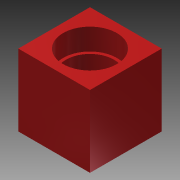
# Autodesk Inventor part: pinch_wheel_hobbing_jig
Saved by Autodesk Inventor 2014 (Build 180170000, 170)
## iProperties
Created: 2014-01-05
Part Number: pinch_wheel_hobbing_jig
Material: Generic
Document SubType Name: Modeling
Designer: caleb
Density: 1 g/cm^3
Appearance: Light Red
Author: caleb
Autodesk Inventor part; units mm, degrees
ref_plane "YZ Plane" through (0, 0, 0) normal (1, 0, 0) x (0, 1, 0)
sketch "Sketch1" plane through (0, 0, 0) normal (0, 0, 1) x (1, 0, 0)
  circle A0 centre (0, 0) radius 11.25
  line L0 (-15, -15) -> (15, -15)
  line L1 (15, -15) -> (15, 15)
  line L2 (15, 15) -> (-15, 15)
  line L3 (-15, 15) -> (-15, -15)
  point P0 (-15, 0)
  point P1 (0, 15)
  dimension "d0" = 22.5
  dimension "d1" = 30
  constraints: 8 end point, 2 midpoint, 2 parallel, 2 perpendicular, 1 centre point, 1 coincident, 1 horizontal, 1 horizontal alignment, 1 vertical alignment
  measures "d0" diameter of A0
  measures "d1" distance of L2.end L0.start
extrude "Extrusion1" add sketch "Sketch1" along normal blind 30
ref_plane "Work Plane1" through (0, 0, 21) normal (0, 0, 1) x (1, 0, 0)
ref_plane "Work Plane2" through (0, 0, 9) normal (0, 0, -1) x (-1, 0, 0)
sketch "Sketch2" plane through (0, 0, 21) normal (0, 0, 1) x (1, 0, 0)
  circle A0 centre (0, 0) radius 10
  circle A1 centre (0, 0) radius 11.25 projected
  dimension "d6" = 20
  constraints: 1 centre point, 1 coincident
  measures "d6" diameter of A0
extrude "Extrusion2" add sketch "Sketch2" against normal up to surface (12 mm away)
sketch "Sketch3" plane through (0, 0, 0) normal (1, 0, 0) x (0, 1, 0)
  line L0 (15, 30) -> (15, 0) projected
  line L1 (15, 0) -> (11.25, 0) projected
  line L2 (11.25, 0) -> (11.25, 9) projected
  line L3 (11.25, 9) -> (10, 9) projected
  line L4 (10, 9) -> (10, 21) projected
  line L5 (10, 21) -> (11.25, 21) projected
  line L6 (11.25, 21) -> (11.25, 30) projected
  line L7 (11.25, 30) -> (15, 30) projected
  line L8 (-15, 0) -> (-15, 30) projected
  line L9 (-15, 30) -> (-11.25, 30) projected
  line L10 (-11.25, 30) -> (-11.25, 21) projected
  line L11 (-11.25, 21) -> (-10, 21) projected
  line L12 (-10, 21) -> (-10, 9) projected
  line L13 (-10, 9) -> (-11.25, 9) projected
  line L14 (-11.25, 9) -> (-11.25, 0) projected
  line L15 (-11.25, 0) -> (-15, 0) projected
  line L16 (-10, 9) -> (-11.25, 7.75)
  line L17 (0, -4) -> (0, 24) projected
  point P0 (0, 0)
  dimension "d9" = 45
  constraints: 2 end point, 1 point on line
  measures "d9" angle of L14 L16
revolve "Revolution1" add sketch "Sketch3" angle 360 about axis through (0, 0, -10) along (0, 0, 1) contours L14 L13 L16
equation "\"d0\" = od + hole_oversize"
equation "\"d6\" = damax"
equation "\"id\" = 8"
equation "\"od\" = 22"
equation "\"hole_oversize\" = 0.5"
equation "\"post_oversize\" = 0"
equation "\"bearing_width\" = 9"
equation "\"d4\" = -bearing_width"
equation "\"d5\" = -bearing_width"
equation "\"damax\" = 20"
body "Solid1"
□ □ □ □ □
WORK INSTRUCTIONS. For the string "extrude", find every line of the material that contains it, and copy each one.

ANSWER.
extrude "Extrusion1" add sketch "Sketch1" along normal blind 30
extrude "Extrusion2" add sketch "Sketch2" against normal up to surface (12 mm away)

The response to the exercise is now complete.